Gradient Decent is an optimization algorithm used to minimize the loss function in deep learning models. It works by calculating the gradient (partial derivatives) of the loss function with respect to the model's parameters and updating the parameters in the opposite direction of the gradient. This process is repeated iteratively until the loss function reaches a minimum value.
 
![alt text](<Untitled picture.png>)
 
The basic update rule for Gradient Decent is:
 
 $$
 w := w - \eta \frac{\partial L}{\partial w}
 $$
 
 where:
 - $w$ is the parameter (weight) to be updated,
 - $\eta$ is the learning rate,
 - $\frac{\partial L}{\partial w}$ is the gradient of the loss function $L$ with respect to $w$.
 
 There are different variants of Gradient Decent:
 - **Batch Gradient Decent**: Uses the entire dataset to compute the gradient at each step.
 - **Stochastic Gradient Decent (SGD)**: Uses a single data point to compute the gradient at each step.
 - **Mini-batch Gradient Decent**: Uses a small batch of data points to compute the gradient at each step.


## Batch Gradient Descent
 
Batch Gradient Descent is an optimization algorithm where the gradient of the loss function is computed using the entire training dataset. At each iteration, all training examples are used to calculate the gradients and update the model parameters. This approach ensures a stable and accurate estimate of the gradient, but can be computationally expensive for large datasets.
 
The update rule for Batch Gradient Descent is:
 
 $$
 w := w - \eta \frac{1}{N} \sum_{i=1}^{N} \frac{\partial L^{(i)}}{\partial w}
 $$
 
 where:
 - $w$ is the parameter (weight) to be updated,
 - $\eta$ is the learning rate,
 - $N$ is the number of training examples,
 - $\frac{\partial L^{(i)}}{\partial w}$ is the gradient of the loss for the $i$-th example with respect to $w$.
 
 **Pros:** Provides a precise direction for parameter updates and can converge smoothly.
 
 **Cons:** Can be slow and memory-intensive for large datasets, as it requires processing the entire dataset for each update.

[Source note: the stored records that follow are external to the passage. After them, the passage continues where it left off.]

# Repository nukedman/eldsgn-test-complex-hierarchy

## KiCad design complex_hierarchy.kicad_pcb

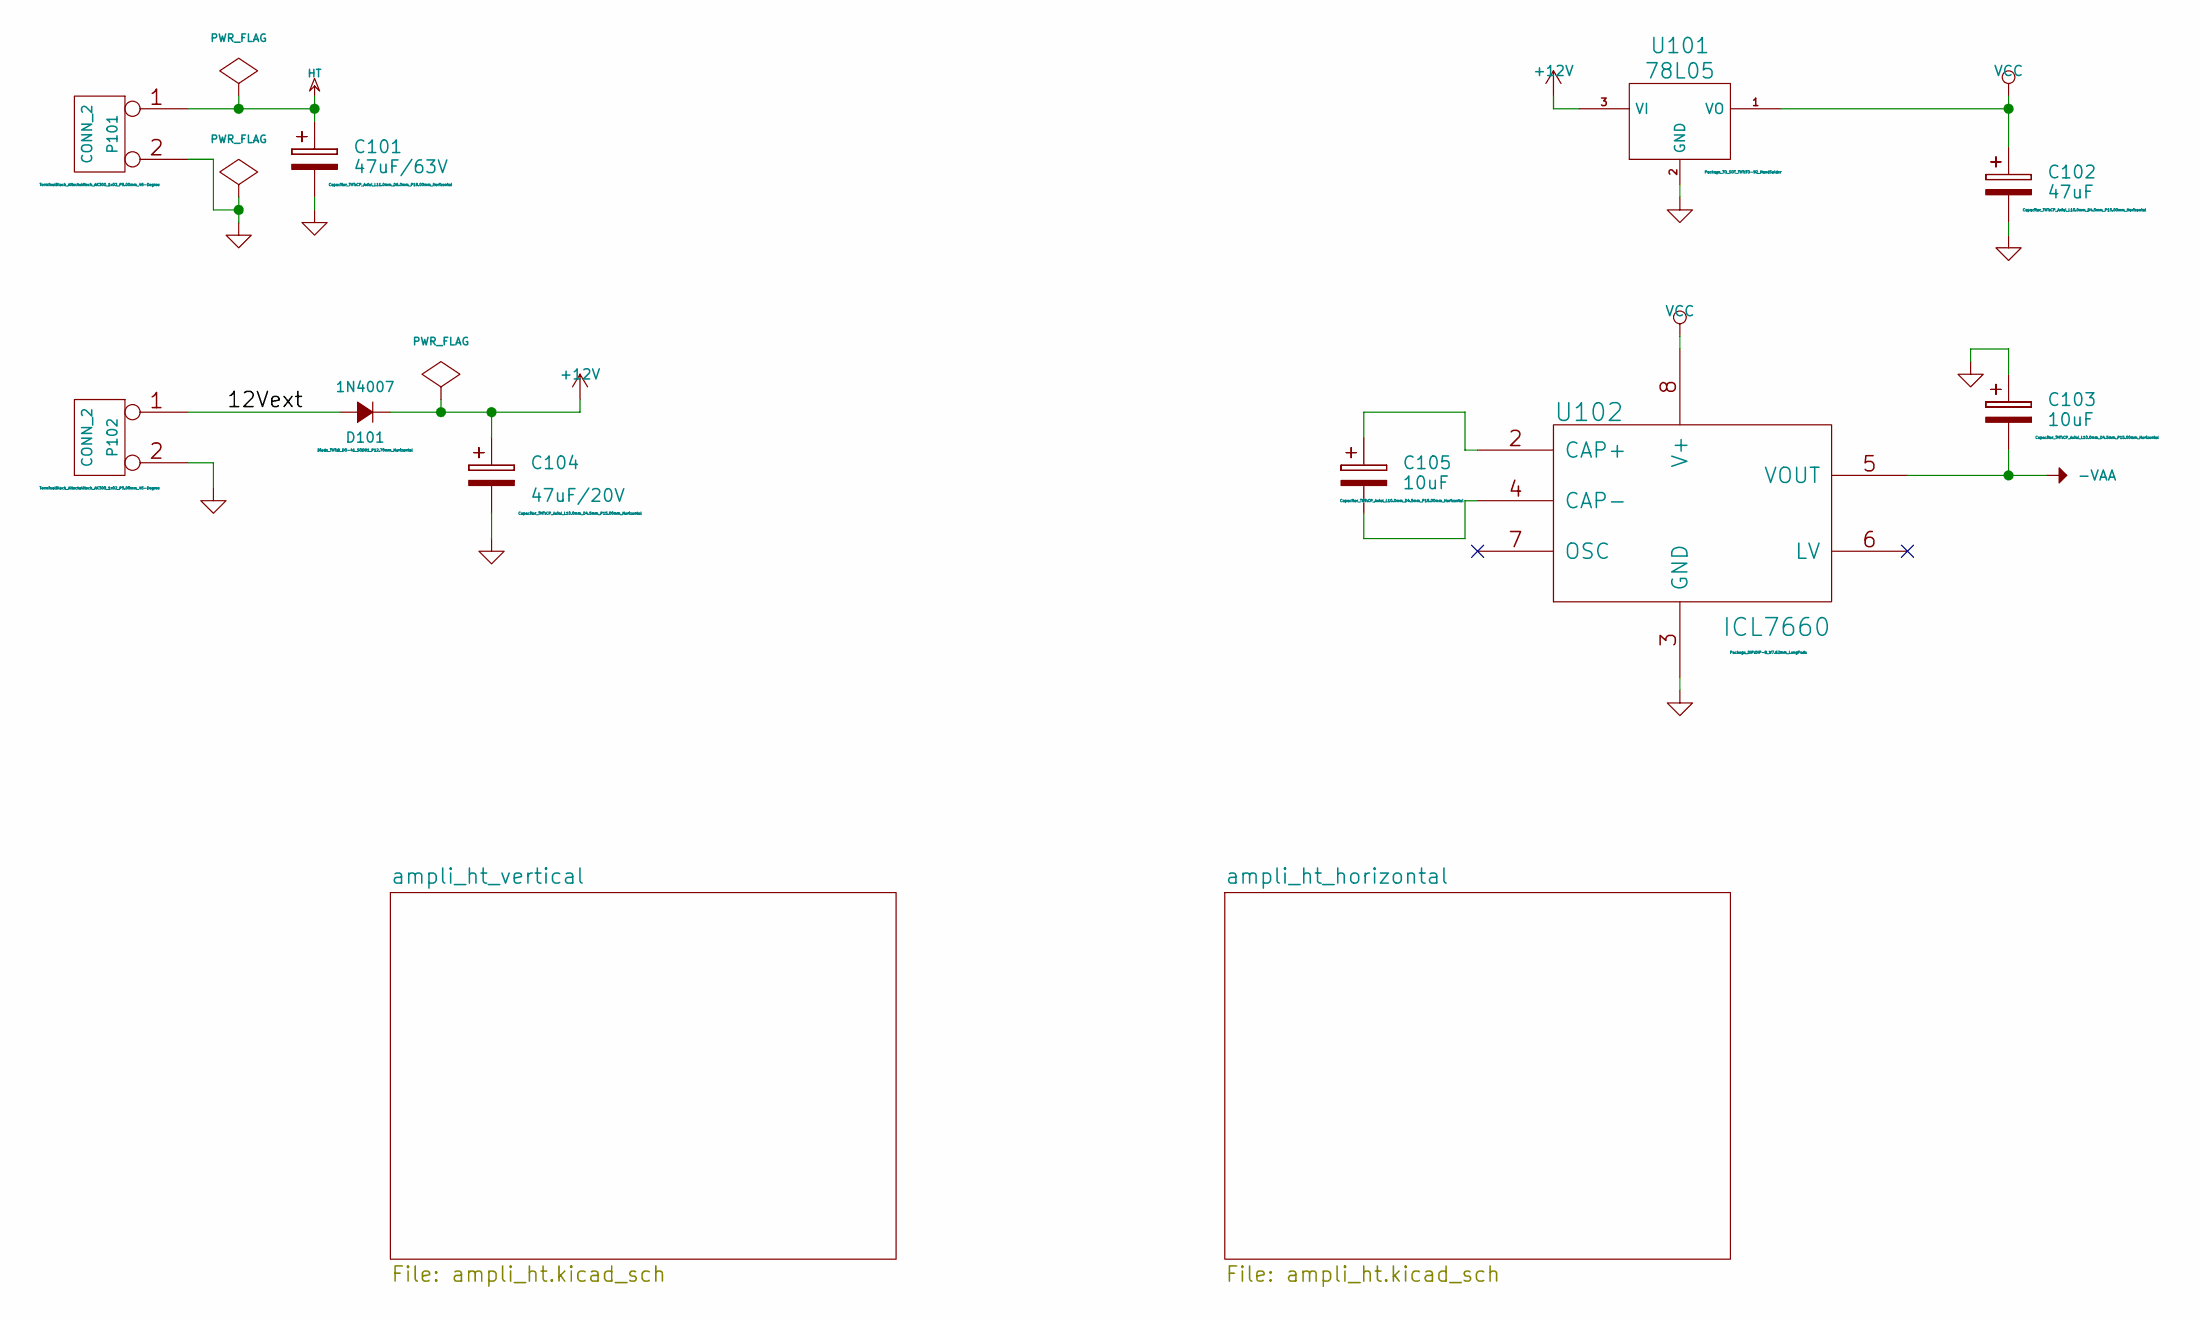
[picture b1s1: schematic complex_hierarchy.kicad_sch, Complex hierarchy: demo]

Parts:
C101: 47uF/63V; CP_Axial_L11.0mm_D6.0mm_P18.00mm_Horizontal
C102: 47uF; CP_Axial_L10.0mm_D4.5mm_P15.00mm_Horizontal
C103, C105: 10uF; CP_Axial_L10.0mm_D4.5mm_P15.00mm_Horizontal
C104: 47uF/20V; CP_Axial_L10.0mm_D4.5mm_P15.00mm_Horizontal
D101: 1N4007; D_DO-41_SOD81_P12.70mm_Horizontal
P101, P102: CONN_2; Altech_AK300_1x02_P5.00mm_45-Degree
U101: 78L05; TO-92_HandSolder
U102: ICL7660; DIP-8_W7.62mm_LongPads

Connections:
-VAA: C103.2, U102.5 (VOUT); also elsewhere on the board
/12Vext: D101.2 (A), P102.1
unnamed: C105.1, U102.2 (CAP+)
unnamed: C105.2, U102.4 (CAP-)
VCC: C102.1, U101.1 (VO), U102.8 (V+)

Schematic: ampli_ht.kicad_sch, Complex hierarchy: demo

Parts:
C201: 15nF; C_Disc_D5.0mm_W2.5mm_P5.00mm
C202: 150nF; C_Disc_D5.0mm_W2.5mm_P5.00mm
C203: 4.7nF; C_Disc_D5.0mm_W2.5mm_P5.00mm
C204: 820pF; C_Disc_D5.0mm_W2.5mm_P5.00mm
D201, D202, D203, D204: 1N4148; D_DO-35_SOD27_P7.62mm_Horizontal
P201, P202: CONN_2; Altech_AK300_1x02_P5.00mm_45-Degree
Q201, Q203: MPSA92; TO-92_HandSolder
Q202, Q204: MPSA42; TO-92_HandSolder
R1, R5: 0603WAF6201T5E; C4260; MPN 0603WAF6201T5E; LCSC Part C4260
R3: RC0402FR-07910RL2; C276279; MPN RC0402FR-07910RL; LCSC Part C276279
R201, R208, R212: 1K; R_Axial_DIN0204_L3.6mm_D1.6mm_P7.62mm_Horizontal
R202, R203: 22K; R_Axial_DIN0204_L3.6mm_D1.6mm_P7.62mm_Horizontal
R204: 470; R_Axial_DIN0204_L3.6mm_D1.6mm_P7.62mm_Horizontal
R205, R209, R210: 220K; R_Axial_DIN0204_L3.6mm_D1.6mm_P7.62mm_Horizontal
R206, R207: 47; R_Axial_DIN0204_L3.6mm_D1.6mm_P7.62mm_Horizontal
R211: 5,6K; R_Axial_DIN0204_L3.6mm_D1.6mm_P7.62mm_Horizontal
R213: 4,7K; R_Axial_DIN0204_L3.6mm_D1.6mm_P7.62mm_Horizontal
RV201: 4,7K; Potentiometer_Bourns_3266W_Vertical
U201: LM358N; DIP-8_W7.62mm_LongPads

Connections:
-VAA: U201.4 (V-); also elsewhere on the board
/ampli_ht_vertical/PIEZO_IN: P201.1, R1.1, R201.2
/ampli_ht_vertical/PIEZO_OUT: P202.1, R206.1, R207.1
/ampli_ht_vertical/S_OUT+: R209.1, R210.1, RV201.3
/ampli_ht_vertical/Vpil_0_3,3V: C201.1, R3.2, U201.3 (+), U201.6 (-), U201.7
unnamed: C201.2, R202.1, R203.2
unnamed: C202.1, R201.1, R202.2
unnamed: C204.1, R211.2
unnamed: D201.1 (K), D202.2 (A)
unnamed: D202.1 (K), Q201.2 (B), R205.1
unnamed: D203.2 (A), Q201.3 (C), Q202.2 (B)
unnamed: D203.1 (K), D204.2 (A)
unnamed: D204.1 (K), Q203.2 (B), Q204.3 (C), R211.1
unnamed: Q201.1 (E), R204.2
unnamed: Q202.1 (E), R206.2, R210.2
unnamed: Q203.1 (E), R207.2, R209.2
unnamed: Q204.2 (B), R208.1
unnamed: Q204.1 (E), R212.1
unnamed: R1.2, R3.1, R5.1 (1_1)
unnamed: R212.2, U201.1
unnamed: R213.1, RV201.1
unnamed: RV201.2, U201.2 (-)
unnamed: C203.1, R203.1, U201.5 (+)

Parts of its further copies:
C301: 15nF; C_Disc_D5.0mm_W2.5mm_P5.00mm
C302: 150nF; C_Disc_D5.0mm_W2.5mm_P5.00mm
C303: 4.7nF; C_Disc_D5.0mm_W2.5mm_P5.00mm
C304: 820pF; C_Disc_D5.0mm_W2.5mm_P5.00mm
D301, D302, D303, D304: 1N4148; D_DO-35_SOD27_P7.62mm_Horizontal
P301, P302: CONN_2; Altech_AK300_1x02_P5.00mm_45-Degree
Q301, Q303: MPSA92; TO-92_HandSolder
Q302, Q304: MPSA42; TO-92_HandSolder
R2, R6: 0603WAF6201T5E; C4260; MPN 0603WAF6201T5E; LCSC Part C4260
R4: RC0402FR-07910RL2; C276279; MPN RC0402FR-07910RL; LCSC Part C276279
R301, R308, R312: 1K; R_Axial_DIN0204_L3.6mm_D1.6mm_P7.62mm_Horizontal
R302, R303: 22K; R_Axial_DIN0204_L3.6mm_D1.6mm_P7.62mm_Horizontal
R304: 470; R_Axial_DIN0204_L3.6mm_D1.6mm_P7.62mm_Horizontal
R305, R309, R310: 220K; R_Axial_DIN0204_L3.6mm_D1.6mm_P7.62mm_Horizontal
R306, R307: 47; R_Axial_DIN0204_L3.6mm_D1.6mm_P7.62mm_Horizontal
R311: 5,6K; R_Axial_DIN0204_L3.6mm_D1.6mm_P7.62mm_Horizontal
R313: 4,7K; R_Axial_DIN0204_L3.6mm_D1.6mm_P7.62mm_Horizontal
RV301: 4,7K; Potentiometer_Bourns_3266W_Vertical
U301: LM358N; DIP-8_W7.62mm_LongPads

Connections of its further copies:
-VAA: U301.4 (V-); also elsewhere on the board
/ampli_ht_horizontal/PIEZO_IN: P301.1, R2.1, R301.2
/ampli_ht_horizontal/PIEZO_OUT: P302.1, R306.1, R307.1
/ampli_ht_horizontal/S_OUT+: R309.1, R310.1, RV301.3
/ampli_ht_horizontal/Vpil_0_3,3V: C301.1, R4.2, U301.3 (+), U301.6 (-), U301.7
unnamed: C301.2, R302.1, R303.2
unnamed: C302.1, R301.1, R302.2
unnamed: C304.1, R311.2
unnamed: D301.1 (K), D302.2 (A)
unnamed: D302.1 (K), Q301.2 (B), R305.1
unnamed: D303.2 (A), Q301.3 (C), Q302.2 (B)
unnamed: D303.1 (K), D304.2 (A)
unnamed: D304.1 (K), Q303.2 (B), Q304.3 (C), R311.1
unnamed: Q301.1 (E), R304.2
unnamed: Q302.1 (E), R306.2, R310.2
unnamed: Q303.1 (E), R307.2, R309.2
unnamed: Q304.2 (B), R308.1
unnamed: Q304.1 (E), R312.1
unnamed: R2.2, R4.1, R6.1 (1_1)
unnamed: R312.2, U301.1
unnamed: R313.1, RV301.1
unnamed: RV301.2, U301.2 (-)
unnamed: C303.1, R303.1, U301.5 (+)

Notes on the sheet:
Filter: Fc =1000Hz

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
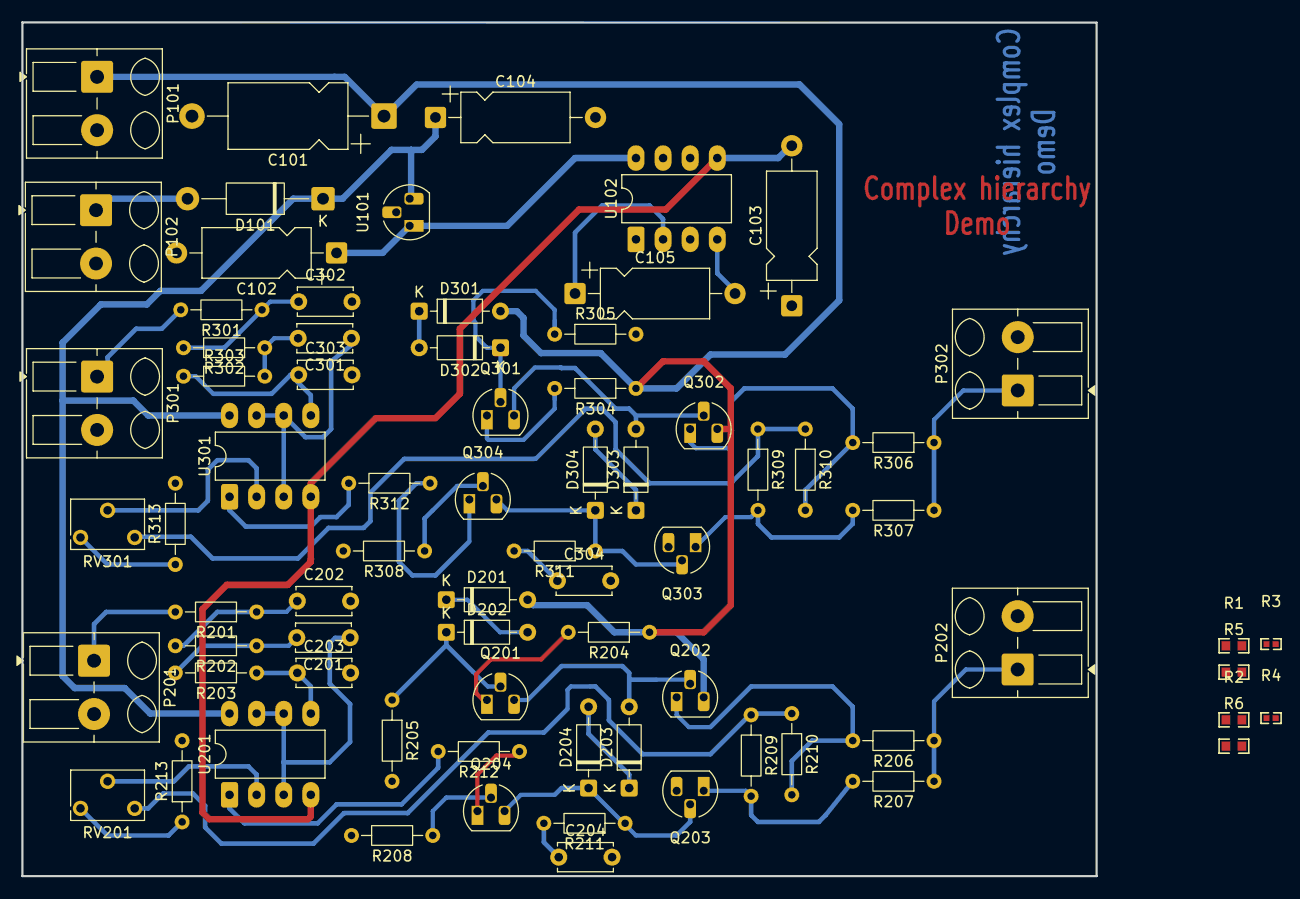
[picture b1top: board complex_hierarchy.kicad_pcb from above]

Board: 2 copper layers, 100.7 x 80.0 mm, 74 parts (0 on the bottom side), 52 nets.

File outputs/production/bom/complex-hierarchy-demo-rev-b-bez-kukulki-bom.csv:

"Reference","Value","Footprint","Quantity","DNP","ELDSGN_id","MPN","LCSC"
"C101","47uF/63V","Capacitor_THT:CP_Axial_L11.0mm_D6.0mm_P18.00mm_Horizontal","1","","","",""
"C102","47uF","Capacitor_THT:CP_Axial_L10.0mm_D4.5mm_P15.00mm_Horizontal","1","","","",""
"C103","10uF","Capacitor_THT:CP_Axial_L10.0mm_D4.5mm_P15.00mm_Horizontal","1","","","",""
"C104","47uF/20V","Capacitor_THT:CP_Axial_L10.0mm_D4.5mm_P15.00mm_Horizontal","1","","","",""
"C105","10uF","Capacitor_THT:CP_Axial_L10.0mm_D4.5mm_P15.00mm_Horizontal","1","","","",""
"C201","15nF","Capacitor_THT:C_Disc_D5.0mm_W2.5mm_P5.00mm","1","","","",""
"C202","150nF","Capacitor_THT:C_Disc_D5.0mm_W2.5mm_P5.00mm","1","","","",""
"C203","4.7nF","Capacitor_THT:C_Disc_D5.0mm_W2.5mm_P5.00mm","1","","","",""
"C204","820pF","Capacitor_THT:C_Disc_D5.0mm_W2.5mm_P5.00mm","1","","","",""
"C301","15nF","Capacitor_THT:C_Disc_D5.0mm_W2.5mm_P5.00mm","1","","","",""
"C302","150nF","Capacitor_THT:C_Disc_D5.0mm_W2.5mm_P5.00mm","1","","","",""
"C303","4.7nF","Capacitor_THT:C_Disc_D5.0mm_W2.5mm_P5.00mm","1","","","",""
"C304","820pF","Capacitor_THT:C_Disc_D5.0mm_W2.5mm_P5.00mm","1","","","",""
"D101","1N4007","Diode_THT:D_DO-41_SOD81_P12.70mm_Horizontal","1","","","",""
"D201","1N4148","Diode_THT:D_DO-35_SOD27_P7.62mm_Horizontal","1","","","",""
"D202","1N4148","Diode_THT:D_DO-35_SOD27_P7.62mm_Horizontal","1","","","",""
"D203","1N4148","Diode_THT:D_DO-35_SOD27_P7.62mm_Horizontal","1","","","",""
"D204","1N4148","Diode_THT:D_DO-35_SOD27_P7.62mm_Horizontal","1","","","",""
"D301","1N4148","Diode_THT:D_DO-35_SOD27_P7.62mm_Horizontal","1","","","",""
"D302","1N4148","Diode_THT:D_DO-35_SOD27_P7.62mm_Horizontal","1","","","",""
"D303","1N4148","Diode_THT:D_DO-35_SOD27_P7.62mm_Horizontal","1","","","",""
"D304","1N4148","Diode_THT:D_DO-35_SOD27_P7.62mm_Horizontal","1","","","",""
"P101","CONN_2","TerminalBlock_Altech:Altech_AK300_1x02_P5.00mm_45-Degree","1","","","",""
"P102","CONN_2","TerminalBlock_Altech:Altech_AK300_1x02_P5.00mm_45-Degree","1","","","",""
"P201","CONN_2","TerminalBlock_Altech:Altech_AK300_1x02_P5.00mm_45-Degree","1","","","",""
"P202","CONN_2","TerminalBlock_Altech:Altech_AK300_1x02_P5.00mm_45-Degree","1","","","",""
"P301","CONN_2","TerminalBlock_Altech:Altech_AK300_1x02_P5.00mm_45-Degree","1","","","",""
"P302","CONN_2","TerminalBlock_Altech:Altech_AK300_1x02_P5.00mm_45-Degree","1","","","",""
"Q201","MPSA92","Package_TO_SOT_THT:TO-92_HandSolder","1","","","",""
"Q202","MPSA42","Package_TO_SOT_THT:TO-92_HandSolder","1","","","",""
"Q203","MPSA92","Package_TO_SOT_THT:TO-92_HandSolder","1","","","",""
"Q204","MPSA42","Package_TO_SOT_THT:TO-92_HandSolder","1","","","",""
"Q301","MPSA92","Package_TO_SOT_THT:TO-92_HandSolder","1","","","",""
"Q302","MPSA42","Package_TO_SOT_THT:TO-92_HandSolder","1","","","",""
"Q303","MPSA92","Package_TO_SOT_THT:TO-92_HandSolder","1","","","",""
"Q304","MPSA42","Package_TO_SOT_THT:TO-92_HandSolder","1","","","",""
"R2","0603WAF6201T5E","connectors:C4260","1","","7","0603WAF6201T5E",""
"R3","RC0402FR-07910RL2","connectors:C276279","1","","11","RC0402FR-07910RL",""
"R4","RC0402FR-07910RL2","connectors:C276279","1","","7","RC0402FR-07910RL",""
"R5","0603WAF6201T5E","connectors:C4260","1","","7","0603WAF6201T5E",""
"R6","0603WAF6201T5E","connectors:C4260","1","","7","0603WAF6201T5E",""
"R201","1K","Resistor_THT:R_Axial_DIN0204_L3.6mm_D1.6mm_P7.62mm_Horizontal","1","","","",""
"R202","22K","Resistor_THT:R_Axial_DIN0204_L3.6mm_D1.6mm_P7.62mm_Horizontal","1","","","",""
"R203","22K","Resistor_THT:R_Axial_DIN0204_L3.6mm_D1.6mm_P7.62mm_Horizontal","1","","","",""
"R204","470","Resistor_THT:R_Axial_DIN0204_L3.6mm_D1.6mm_P7.62mm_Horizontal","1","","","",""
"R205","220K","Resistor_THT:R_Axial_DIN0204_L3.6mm_D1.6mm_P7.62mm_Horizontal","1","","","",""
"R206","47","Resistor_THT:R_Axial_DIN0204_L3.6mm_D1.6mm_P7.62mm_Horizontal","1","","","",""
"R207","47","Resistor_THT:R_Axial_DIN0204_L3.6mm_D1.6mm_P7.62mm_Horizontal","1","","","",""
"R208","1K","Resistor_THT:R_Axial_DIN0204_L3.6mm_D1.6mm_P7.62mm_Horizontal","1","","","",""
"R209","220K","Resistor_THT:R_Axial_DIN0204_L3.6mm_D1.6mm_P7.62mm_Horizontal","1","","","",""
"R210","220K","Resistor_THT:R_Axial_DIN0204_L3.6mm_D1.6mm_P7.62mm_Horizontal","1","","","",""
"R211","5,6K","Resistor_THT:R_Axial_DIN0204_L3.6mm_D1.6mm_P7.62mm_Horizontal","1","","","",""
"R212","1K","Resistor_THT:R_Axial_DIN0204_L3.6mm_D1.6mm_P7.62mm_Horizontal","1","","","",""
"R213","4,7K","Resistor_THT:R_Axial_DIN0204_L3.6mm_D1.6mm_P7.62mm_Horizontal","1","","","",""
"R301","1K","Resistor_THT:R_Axial_DIN0204_L3.6mm_D1.6mm_P7.62mm_Horizontal","1","","","",""
"R302","22K","Resistor_THT:R_Axial_DIN0204_L3.6mm_D1.6mm_P7.62mm_Horizontal","1","","","",""
"R303","22K","Resistor_THT:R_Axial_DIN0204_L3.6mm_D1.6mm_P7.62mm_Horizontal","1","","","",""
"R304","470","Resistor_THT:R_Axial_DIN0204_L3.6mm_D1.6mm_P7.62mm_Horizontal","1","","","",""
"R305","220K","Resistor_THT:R_Axial_DIN0204_L3.6mm_D1.6mm_P7.62mm_Horizontal","1","","","",""
"R306","47","Resistor_THT:R_Axial_DIN0204_L3.6mm_D1.6mm_P7.62mm_Horizontal","1","","","",""
"R307","47","Resistor_THT:R_Axial_DIN0204_L3.6mm_D1.6mm_P7.62mm_Horizontal","1","","","",""
"R308","1K","Resistor_THT:R_Axial_DIN0204_L3.6mm_D1.6mm_P7.62mm_Horizontal","1","","","",""
"R309","220K","Resistor_THT:R_Axial_DIN0204_L3.6mm_D1.6mm_P7.62mm_Horizontal","1","","","",""
"R310","220K","Resistor_THT:R_Axial_DIN0204_L3.6mm_D1.6mm_P7.62mm_Horizontal","1","","","",""
"R311","5,6K","Resistor_THT:R_Axial_DIN0204_L3.6mm_D1.6mm_P7.62mm_Horizontal","1","","","",""
"R312","1K","Resistor_THT:R_Axial_DIN0204_L3.6mm_D1.6mm_P7.62mm_Horizontal","1","","","",""
"R313","4,7K","Resistor_THT:R_Axial_DIN0204_L3.6mm_D1.6mm_P7.62mm_Horizontal","1","","","",""
"RV201","4,7K","Potentiometer_THT:Potentiometer_Bourns_3266W_Vertical","1","","","",""
"RV301","4,7K","Potentiometer_THT:Potentiometer_Bourns_3266W_Vertical","1","","","",""
"U101","78L05","Package_TO_SOT_THT:TO-92_HandSolder","1","","","",""
"U102","ICL7660","Package_DIP:DIP-8_W7.62mm_LongPads","1","","","",""
"U201","LM358N","Package_DIP:DIP-8_W7.62mm_LongPads","1","","","",""
"U301","LM358N","Package_DIP:DIP-8_W7.62mm_LongPads","1","","","",""

## Stochastic Gradient Descent (SGD)
 
Stochastic Gradient Descent is an optimization algorithm where the gradient of the loss function is computed using a single randomly selected training example at each iteration. Instead of calculating the gradient over the entire dataset, SGD updates the model parameters more frequently, which can lead to faster convergence, especially for large datasets.
 
![alt text](<Untitled picture-1.png>)

The update rule for Stochastic Gradient Descent is:
 
 $$
 w := w - \eta \frac{\partial L^{(i)}}{\partial w}
 $$
 
 where:
 - $w$ is the parameter (weight) to be updated,
 - $\eta$ is the learning rate,
 - $\frac{\partial L^{(i)}}{\partial w}$ is the gradient of the loss for the $i$-th randomly selected example with respect to $w$.
 
 **Pros:** Can handle large datasets efficiently, allows for online learning, and often escapes shallow local minima due to its noisy updates.
 
 **Cons:** The parameter updates can be noisy, which may cause the loss function to fluctuate rather than decrease smoothly.


## Mini-Batch Gradient Descent
 
Mini-Batch Gradient Descent is an optimization algorithm that combines the advantages of both Batch Gradient Descent and Stochastic Gradient Descent. Instead of using the entire dataset (as in batch) or a single example (as in stochastic), it computes the gradient using a small, randomly selected subset of the training data called a "mini-batch" at each iteration.
 
The update rule for Mini-Batch Gradient Descent is:
 
 $$
 w := w - \eta \frac{1}{m} \sum_{j=1}^{m} \frac{\partial L^{(j)}}{\partial w}
 $$
 
 where:
 - $w$ is the parameter (weight) to be updated,
 - $\eta$ is the learning rate,
 - $m$ is the mini-batch size,
 - $\frac{\partial L^{(j)}}{\partial w}$ is the gradient of the loss for the $j$-th example in the mini-batch with respect to $w$.
 
**Pros:** Achieves a balance between the efficiency of SGD and the stability of Batch Gradient Descent. It can make better use of vectorized operations and hardware acceleration, and often leads to faster convergence in practice.
 
**Cons:** The choice of mini-batch size can affect performance and convergence. Too small may be noisy (like SGD), too large may be slow (like batch).